Karen Kaeja & Nickeshia Garrick (Photo: Kevin Jones)

Harbourfront Torque Dance Series & Kaeja d’Dance/31 (TouchX + I am the Child of…), choreography by Karen and Allen Kaeja, Harbourfront Centre Theatre, Nov. 11 to 13. Tickets here.

Founded in 1990, Kaeja d’Dance is one of Toronto’s most enduring contemporary dance companies. Although co-artistic directors Karen and Allen Kaeja are in their 60s, they have never stopped looking forward, as their joint Harbourfront show demonstrates.

Karen has been working on her new piece TouchX for seven years, and key to the fabric of the work is the participation of everyday members of the community, along with professional dancers and students from the graduating class of School of Toronto Dance Theatre.

Allen has collaborated with Bruce Barton (Vertical City) to go high tech. His I am the Child of… features augmented reality (AR) and livecam footage which affords the audience the opportunity to view the show from their cell phones through a QR code, or through the dancers’ body cameras.

As Karen states, “My piece has the humans; Allen has the tech.”

The four of us (Karen, Allen, Barton and myself) had a long Zoom call to try to unpack the structure of this complex dance evening. In my case, it was coming to grips with the latest offering of the always surprising Kaejas.

What follows is a distillation of my many questions.

How did Kaeja d’Dance end up on Harbourfront’s Torque series — one of the most prestigious in the city?

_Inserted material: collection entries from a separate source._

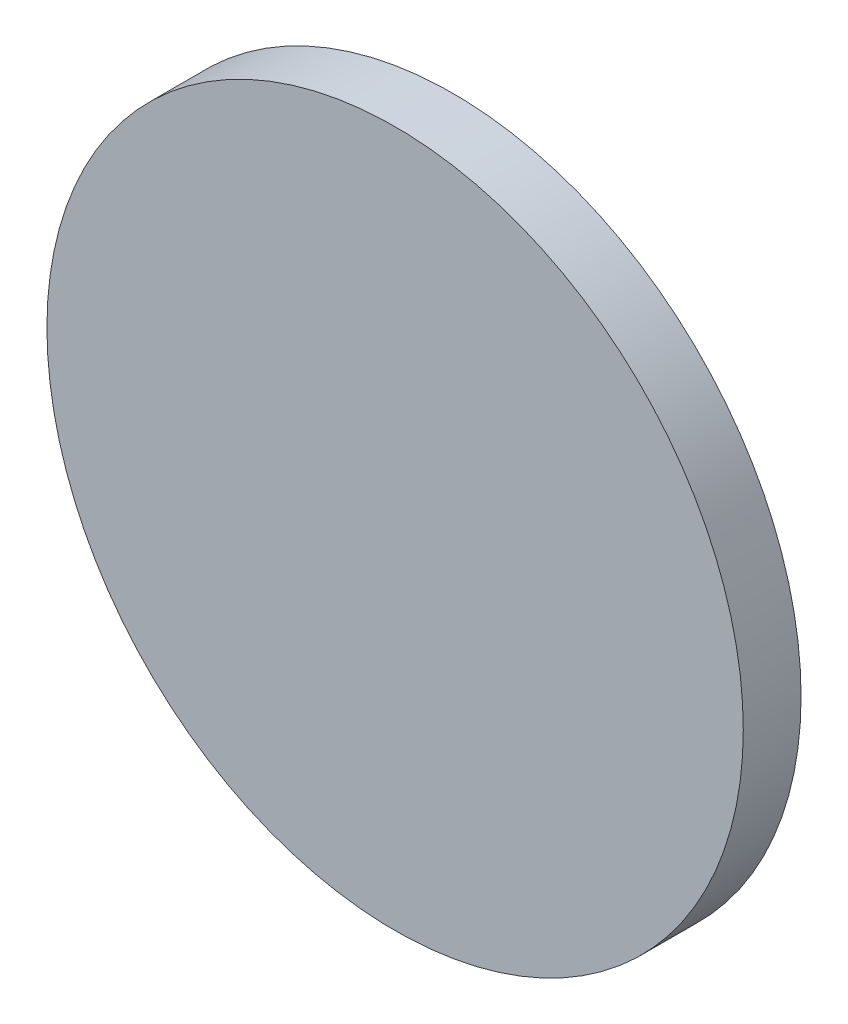
SolidWorks part; units mm, degrees
ref_plane "Спереди" through (0, 0, 0) normal (0, 0, 1) x (1, 0, 0)
ref_plane "Сверху" through (0, 0, 0) normal (0, 1, 0) x (1, 0, 0)
ref_plane "Справа" through (0, 0, 0) normal (1, 0, 0) x (0, 0, -1)
sketch "Эскиз1" plane through (0, 0, 0) normal (0, 0, 1) x (1, 0, 0)
  circle A0 centre (-58.1454, 33.859) radius 301.2043
extrude "Бобышка-Вытянуть1" add sketch "Эскиз1" along normal blind 50

The answer, it turns out, is simple. Karen wrote an email to Nathalie Bonjour, Harbourfront’s Director of Performing Arts, explaining that she was working on a piece that included both community and professional dancers, and that she wanted Bonjour to know about it. In the conversation that followed, Bonjour found out about Allen’s foray into AR, and the joint evening blossomed from there.

Says Karen, “It’s a very expensive show, and having Harbourfront as a sponsor definitely helped. I wouldn’t be in this state of calm without them.”

Allen adds, “Harbourfront has never given two residencies to the same company before, and it was a gift, because they were technical residencies where we worked with their expertise to support our visions. We got to see how the set, lighting, costumes and bodies worked in the theatre space. We could troubleshoot the complexities of the pieces.”

Karen Kaeja on her piece ‘TouchX’

I came late to dance — I was 18 — and what fascinated me was bodily contact — how people physically connect — and this exploration has consumed my whole dance career.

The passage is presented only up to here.